JR.’S TELL-GALL
Skips over womanizing & wife suicide
IN his just-published memoir, Robert F. Kennedy Jr. writes about his family’s proud Irish Catholic heritage and the legacy of public service passed down to him from his father.
In “American Values: Lessons I Learned from My Family,” the third of Robert F. Kennedy and wife Ethel’s 11 children also writes about his stormy relationship with his mother, his arrests for pot possession and for spitting on a cop near the Kennedys’ Hyannisport compound in Massachusetts at the time his father was the nation’s top law-enforcement officer.
But what his publisher promises as “an intimate journey” through Kennedy’s life falls far short. Even as many of the 433 pages are devoted to his battles to overcome addictions to alcohol and drugs, an important chapter is missing: Kennedy’s serial womanizing.
There is no examination of what he once called his “lust demons,” and nowhere to be found are the effects his philandering had on his second wife, Mary Richardson Kennedy, who hanged herself in an outbuilding at the couple’s Westchester estate in May 2012.

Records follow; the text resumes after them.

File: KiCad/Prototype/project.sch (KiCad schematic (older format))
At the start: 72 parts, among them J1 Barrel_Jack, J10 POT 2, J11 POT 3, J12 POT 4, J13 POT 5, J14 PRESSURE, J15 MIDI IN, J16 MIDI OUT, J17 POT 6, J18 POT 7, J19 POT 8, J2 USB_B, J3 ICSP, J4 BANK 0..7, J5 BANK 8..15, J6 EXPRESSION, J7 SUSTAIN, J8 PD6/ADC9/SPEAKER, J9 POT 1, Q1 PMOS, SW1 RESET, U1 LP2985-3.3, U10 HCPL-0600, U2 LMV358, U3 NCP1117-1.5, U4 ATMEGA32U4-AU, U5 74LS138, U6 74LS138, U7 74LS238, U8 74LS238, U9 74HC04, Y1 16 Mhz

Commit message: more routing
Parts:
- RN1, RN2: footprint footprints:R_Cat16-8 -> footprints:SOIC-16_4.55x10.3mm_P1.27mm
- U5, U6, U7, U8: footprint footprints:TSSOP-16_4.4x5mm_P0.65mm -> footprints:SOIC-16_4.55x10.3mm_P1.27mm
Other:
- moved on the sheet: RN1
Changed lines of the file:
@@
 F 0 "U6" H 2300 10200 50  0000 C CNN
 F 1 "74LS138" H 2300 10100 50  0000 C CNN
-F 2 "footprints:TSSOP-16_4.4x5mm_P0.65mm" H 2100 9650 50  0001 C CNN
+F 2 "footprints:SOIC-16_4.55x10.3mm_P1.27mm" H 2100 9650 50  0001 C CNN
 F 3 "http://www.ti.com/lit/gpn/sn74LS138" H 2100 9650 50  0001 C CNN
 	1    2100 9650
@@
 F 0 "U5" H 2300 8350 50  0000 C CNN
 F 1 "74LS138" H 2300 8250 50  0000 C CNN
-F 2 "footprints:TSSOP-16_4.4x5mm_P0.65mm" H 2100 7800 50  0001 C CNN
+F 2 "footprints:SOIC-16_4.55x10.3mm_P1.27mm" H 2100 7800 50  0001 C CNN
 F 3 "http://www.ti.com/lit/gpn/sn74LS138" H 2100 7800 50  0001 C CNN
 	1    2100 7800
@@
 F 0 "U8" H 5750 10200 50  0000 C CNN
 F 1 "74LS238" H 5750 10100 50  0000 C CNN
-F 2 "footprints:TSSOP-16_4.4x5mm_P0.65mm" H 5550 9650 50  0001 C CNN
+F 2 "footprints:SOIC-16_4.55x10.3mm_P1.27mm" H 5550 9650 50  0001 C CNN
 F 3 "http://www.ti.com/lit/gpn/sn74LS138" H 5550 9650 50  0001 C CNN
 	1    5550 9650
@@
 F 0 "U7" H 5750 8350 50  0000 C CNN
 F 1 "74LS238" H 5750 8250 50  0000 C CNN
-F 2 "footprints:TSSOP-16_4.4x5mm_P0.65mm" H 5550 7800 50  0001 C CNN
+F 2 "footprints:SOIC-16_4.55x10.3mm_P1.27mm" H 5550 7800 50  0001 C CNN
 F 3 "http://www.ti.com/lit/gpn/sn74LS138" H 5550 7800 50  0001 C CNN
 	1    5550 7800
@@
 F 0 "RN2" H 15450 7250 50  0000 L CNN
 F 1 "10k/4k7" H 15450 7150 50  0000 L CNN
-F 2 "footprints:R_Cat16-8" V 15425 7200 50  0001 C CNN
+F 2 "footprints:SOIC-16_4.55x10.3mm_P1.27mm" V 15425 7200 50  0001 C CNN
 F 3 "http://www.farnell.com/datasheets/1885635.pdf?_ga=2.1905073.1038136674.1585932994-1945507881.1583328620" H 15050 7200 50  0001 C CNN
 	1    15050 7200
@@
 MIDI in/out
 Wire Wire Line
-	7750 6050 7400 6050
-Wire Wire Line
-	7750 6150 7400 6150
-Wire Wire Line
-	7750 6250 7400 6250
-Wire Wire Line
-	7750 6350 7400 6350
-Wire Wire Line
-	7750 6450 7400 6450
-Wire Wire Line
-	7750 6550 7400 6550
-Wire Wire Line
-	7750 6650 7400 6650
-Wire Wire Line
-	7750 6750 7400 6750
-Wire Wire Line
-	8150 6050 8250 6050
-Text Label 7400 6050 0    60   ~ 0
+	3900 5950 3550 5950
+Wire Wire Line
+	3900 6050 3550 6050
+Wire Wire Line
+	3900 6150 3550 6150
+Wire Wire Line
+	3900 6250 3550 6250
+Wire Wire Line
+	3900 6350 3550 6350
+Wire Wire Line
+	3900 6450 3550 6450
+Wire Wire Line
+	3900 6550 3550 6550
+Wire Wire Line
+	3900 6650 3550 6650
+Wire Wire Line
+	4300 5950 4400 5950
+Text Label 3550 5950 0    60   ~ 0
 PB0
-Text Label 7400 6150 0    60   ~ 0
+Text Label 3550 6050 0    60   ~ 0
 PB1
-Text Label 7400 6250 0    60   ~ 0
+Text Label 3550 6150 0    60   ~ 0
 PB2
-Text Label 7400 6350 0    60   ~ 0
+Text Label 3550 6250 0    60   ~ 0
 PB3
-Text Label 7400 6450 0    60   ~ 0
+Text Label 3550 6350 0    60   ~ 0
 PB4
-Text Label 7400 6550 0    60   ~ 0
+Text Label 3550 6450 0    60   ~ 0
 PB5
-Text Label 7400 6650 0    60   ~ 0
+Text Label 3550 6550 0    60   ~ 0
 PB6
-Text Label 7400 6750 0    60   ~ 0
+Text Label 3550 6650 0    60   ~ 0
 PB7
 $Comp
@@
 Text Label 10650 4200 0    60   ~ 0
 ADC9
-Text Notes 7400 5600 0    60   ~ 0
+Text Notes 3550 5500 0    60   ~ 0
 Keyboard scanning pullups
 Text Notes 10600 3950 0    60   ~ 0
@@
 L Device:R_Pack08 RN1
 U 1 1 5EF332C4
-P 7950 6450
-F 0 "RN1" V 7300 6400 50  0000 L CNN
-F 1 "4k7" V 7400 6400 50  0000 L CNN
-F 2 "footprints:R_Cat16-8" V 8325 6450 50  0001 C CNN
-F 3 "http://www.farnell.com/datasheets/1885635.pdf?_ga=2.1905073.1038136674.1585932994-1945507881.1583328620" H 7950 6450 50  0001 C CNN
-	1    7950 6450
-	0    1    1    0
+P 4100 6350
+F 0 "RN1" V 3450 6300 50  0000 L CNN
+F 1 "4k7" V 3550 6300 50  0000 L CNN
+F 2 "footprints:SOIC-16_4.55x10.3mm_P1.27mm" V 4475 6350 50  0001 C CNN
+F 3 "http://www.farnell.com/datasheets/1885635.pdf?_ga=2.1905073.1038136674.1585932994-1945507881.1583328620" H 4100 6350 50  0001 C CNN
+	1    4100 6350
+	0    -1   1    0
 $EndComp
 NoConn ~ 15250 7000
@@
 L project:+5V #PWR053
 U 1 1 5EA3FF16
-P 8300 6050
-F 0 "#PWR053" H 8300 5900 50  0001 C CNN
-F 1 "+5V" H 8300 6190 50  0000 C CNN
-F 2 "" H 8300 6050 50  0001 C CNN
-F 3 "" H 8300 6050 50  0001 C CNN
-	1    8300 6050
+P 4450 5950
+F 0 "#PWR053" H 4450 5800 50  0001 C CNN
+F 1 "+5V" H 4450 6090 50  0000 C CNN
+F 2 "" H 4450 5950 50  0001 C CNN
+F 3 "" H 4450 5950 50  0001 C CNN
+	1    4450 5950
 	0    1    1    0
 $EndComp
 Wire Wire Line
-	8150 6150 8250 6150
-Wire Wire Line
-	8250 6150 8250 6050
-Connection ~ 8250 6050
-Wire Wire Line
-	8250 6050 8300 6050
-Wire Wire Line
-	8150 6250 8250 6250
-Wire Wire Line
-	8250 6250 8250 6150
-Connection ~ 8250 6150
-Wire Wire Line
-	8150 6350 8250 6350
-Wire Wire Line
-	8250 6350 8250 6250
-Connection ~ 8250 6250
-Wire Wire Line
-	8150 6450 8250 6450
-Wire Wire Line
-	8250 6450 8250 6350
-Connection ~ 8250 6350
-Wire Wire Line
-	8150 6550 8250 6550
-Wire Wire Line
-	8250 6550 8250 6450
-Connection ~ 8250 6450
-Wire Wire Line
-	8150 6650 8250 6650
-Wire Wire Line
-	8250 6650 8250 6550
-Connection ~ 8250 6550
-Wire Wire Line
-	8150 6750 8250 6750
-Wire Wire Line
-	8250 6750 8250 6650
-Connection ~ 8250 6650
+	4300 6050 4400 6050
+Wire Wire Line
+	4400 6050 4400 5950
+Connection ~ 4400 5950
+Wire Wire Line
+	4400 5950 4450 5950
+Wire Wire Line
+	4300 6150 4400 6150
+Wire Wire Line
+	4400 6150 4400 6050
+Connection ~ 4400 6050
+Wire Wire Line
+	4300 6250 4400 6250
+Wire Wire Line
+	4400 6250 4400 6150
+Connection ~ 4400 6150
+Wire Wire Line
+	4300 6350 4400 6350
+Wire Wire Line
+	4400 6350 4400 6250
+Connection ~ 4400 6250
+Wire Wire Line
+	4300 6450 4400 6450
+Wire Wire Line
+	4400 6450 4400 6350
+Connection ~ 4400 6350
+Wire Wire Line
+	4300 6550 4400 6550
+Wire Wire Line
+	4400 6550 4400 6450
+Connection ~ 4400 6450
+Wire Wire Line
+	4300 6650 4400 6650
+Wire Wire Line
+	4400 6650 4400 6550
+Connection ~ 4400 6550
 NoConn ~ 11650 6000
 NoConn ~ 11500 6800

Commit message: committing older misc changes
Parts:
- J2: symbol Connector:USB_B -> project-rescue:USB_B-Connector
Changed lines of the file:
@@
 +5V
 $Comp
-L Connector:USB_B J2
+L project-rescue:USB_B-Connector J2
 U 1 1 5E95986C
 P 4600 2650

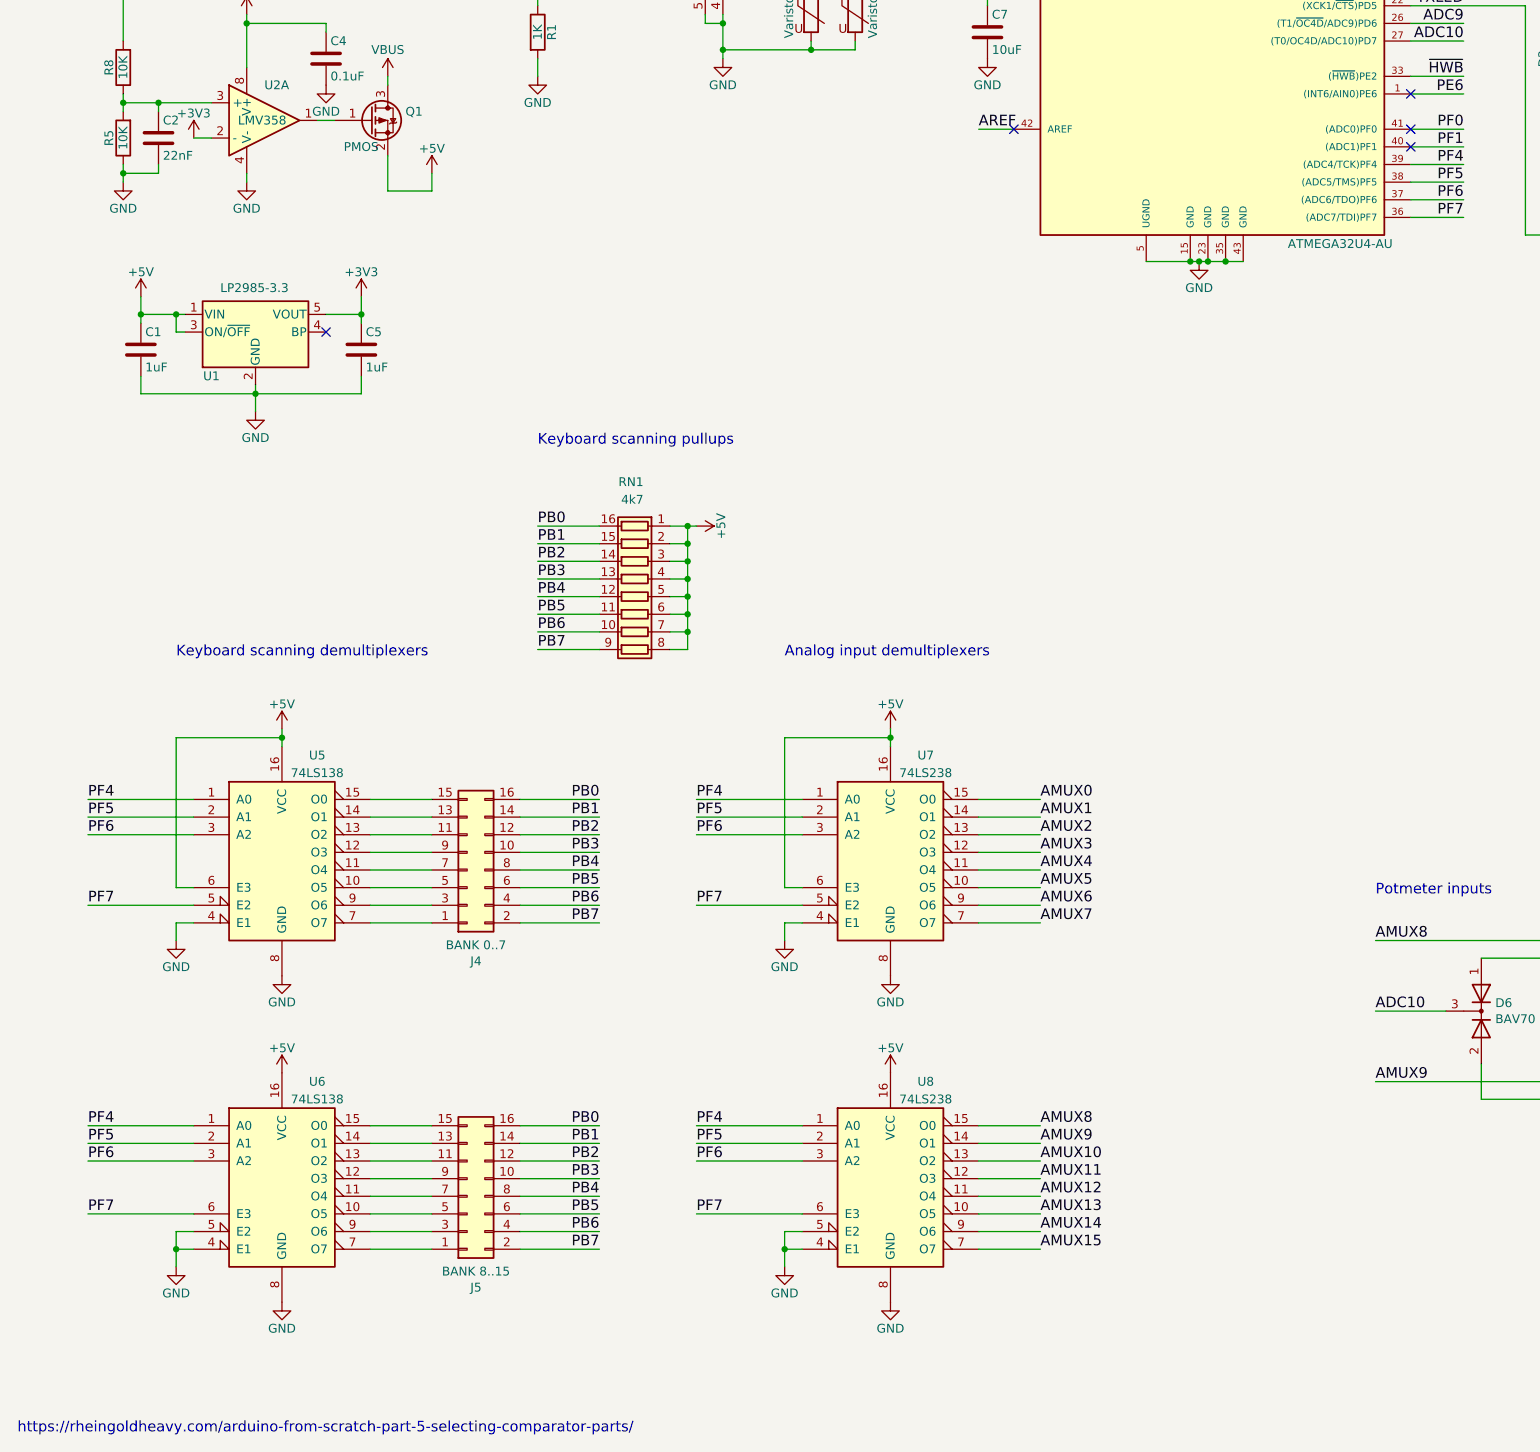
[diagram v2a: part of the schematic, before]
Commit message: Removed unneccessary 3V3 regulator Added latch for ADC multiplexing
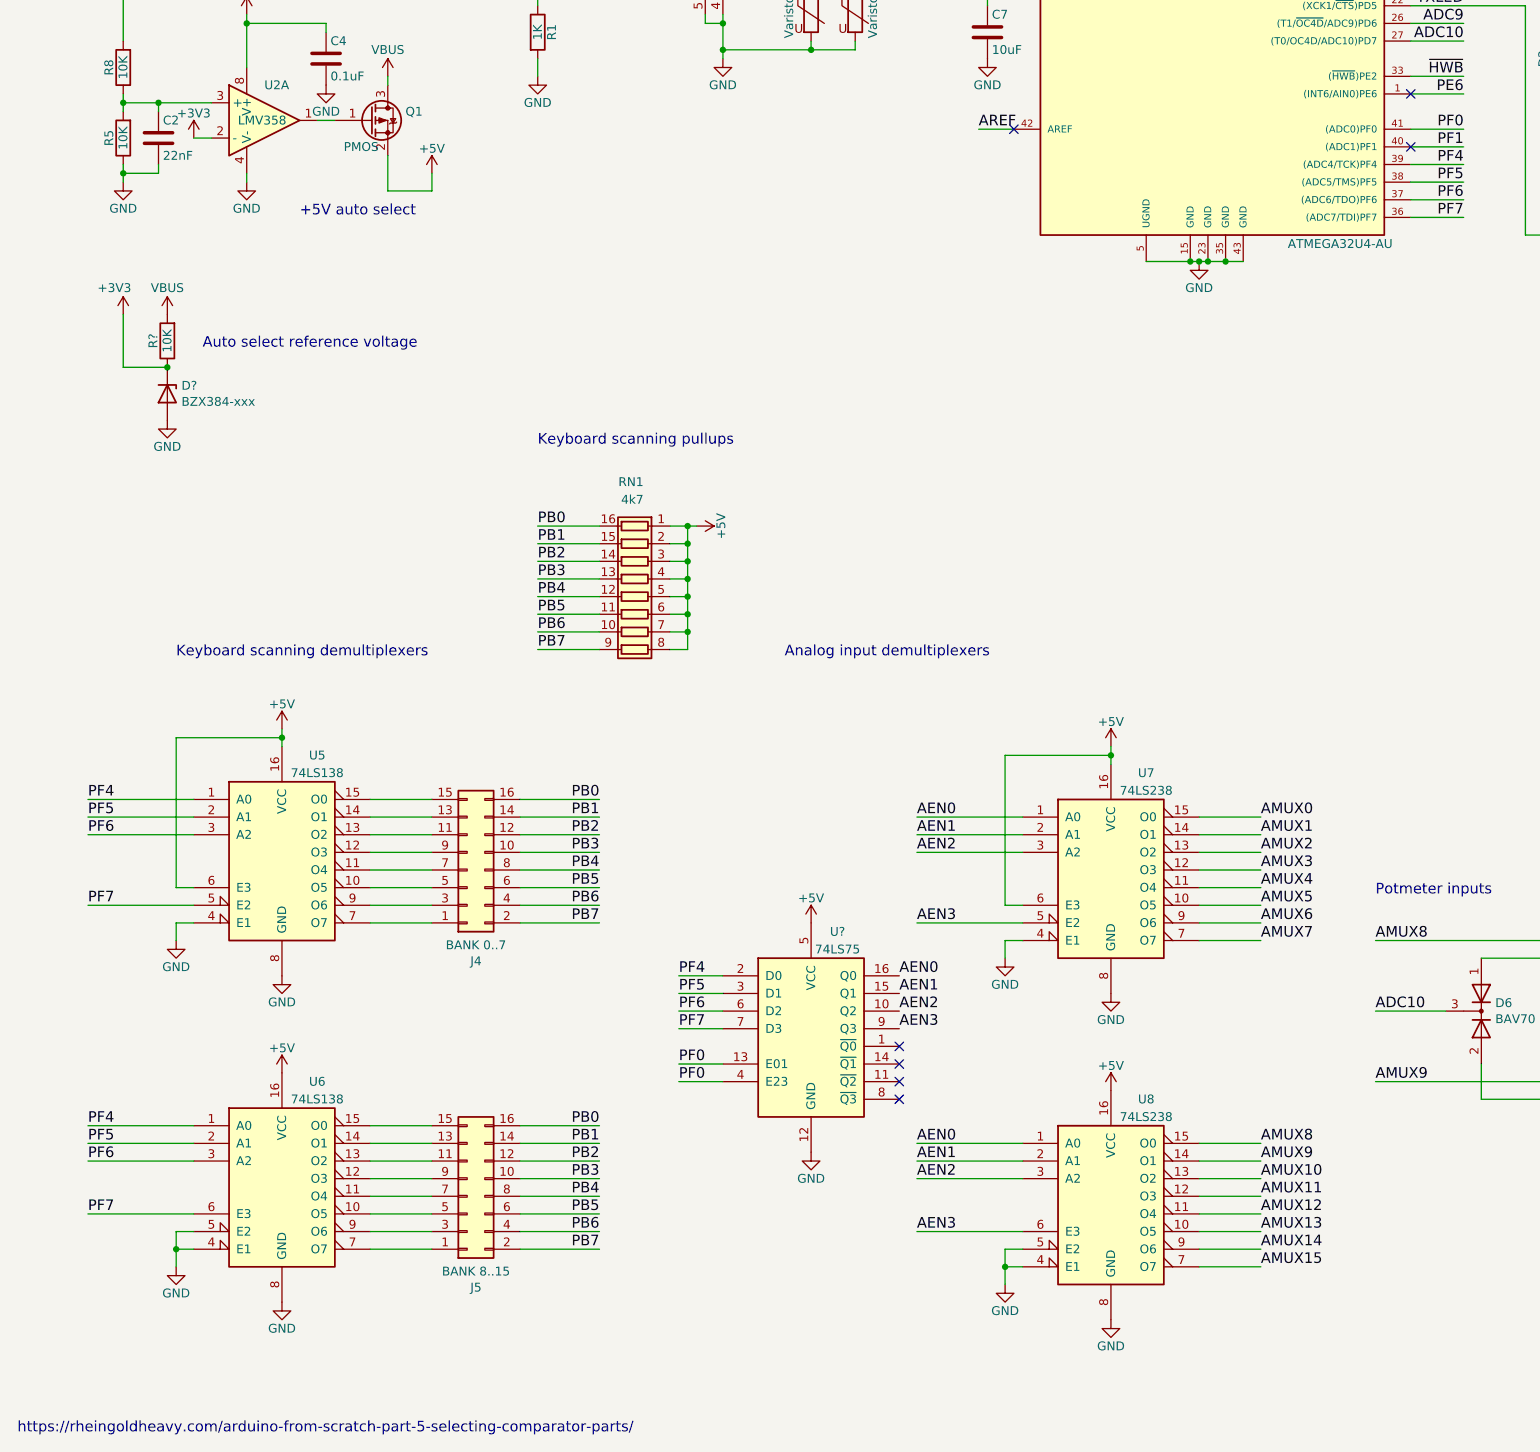
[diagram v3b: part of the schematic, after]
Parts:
- removed C1, C5: 1uF, footprints:C_0805_HandSoldering, symbol project:C
- removed U1: LP2985-3.3, footprints:SOT-23-5, symbol project:LP2985-3.3
- added D?: BZX384-xxx, Diode_SMD:D_SOD-323, symbol Diode:BZX384-xxx
- added R?: 10K, footprints:R_0805_HandSoldering, symbol project:R
- added U?: 74LS75, symbol 74xx:74LS75
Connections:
- net +3V3: now also D?.1 (K), R?.1
- net +5V: now also U?.5 (VCC)
- net GND: now also D?.2 (A), U?.12 (GND)
- net PF0: now also U?.13 (E01), U?.4 (E23)
- net PF4: now also U?.2 (D0); no longer U7.1 (A0), U8.1 (A0)
- net PF5: now also U?.3 (D1); no longer U7.2 (A1), U8.2 (A1)
- net PF6: now also U?.6 (D2); no longer U7.3 (A2), U8.3 (A2)
- net PF7: now also U?.7 (D3); no longer U7.5 (E2), U8.6 (E3)
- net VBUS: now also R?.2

The father of six enumerated his myriad seductions in a diary discovered by The Post a year after Richardson Kennedy’s death.
In a ledger at the back of the diary, he recorded the names of women with numbers from one to 10 next to each entry. The codes corresponded to sexual acts, with 10 meaning intercourse. The Post counted 37 women in the ledger, with 16 scoring 10. They included a lawyer, doctor, environmental activist and the wife of a famous actor.
In the 398-page journal, which dated to 2001, Kennedy describes being wracked with guilt over his affairs and at one point mused that spending a month in jail in Puerto Rico was a welcome respite from temptation.
“I’m so content here,” the environmental lawyer and activist wrote during his July 2001 incarceration for his part in the protests of the Navy’s bombing exercises in Vieques. “There’s no women. I’m happy . . . It’s not misogyny. It’s the opposite. I love them too much.”
Clearly conflicted, he also wrote in the diary about his love for Richardson Kennedy, a woman he was married to for nearly 18 years.
“I finally spoke to my wonderful wife, and that was a joy,” he wrote. “She is very strong and cheerful.”
But Richardson Kennedy, the mother of four of his children — he has two other children with his first wife, Emily Black — barely warrants a mention in “American Values,” which is peppered with platitudes about his family’s devotion to public service, meetings with world leaders at the family’s Virginia estate Hickory Hill and descriptions of family Bible readings and playing sports in Hyannisport.
The reference to Richardson Kennedy appears on page 380 — a short passage detailing her involvement in a practical joke that he and his sister Kerry played on their mother in 1979 when they substituted RFK’s framed presidential letter collection with disciplinary notes from Kennedy’s teachers. Kennedy met Richardson Kennedy when she was a 14year-old boarding-school roommate of his Kerry.
Kennedy devotes more ink to extolling the virtues of his third wife, actress Cheryl Hines, calling her “my most valued editor” in his acknowledgments. Kennedy began dating Hines while he was in the process of negotiating a bitter divorce from Richardson Kennedy, who died before the divorce was finalized.
In his memoir, Kennedy writes that as he recovered from his drug and alcohol habits, he “became determined to clear up the wreckage of battered relationships that lay in the wake of my addiction.”
But while Kennedy admits to some of his failings and their fallout, he completely ignores others, tilting this personal history more toward revisionism than truth.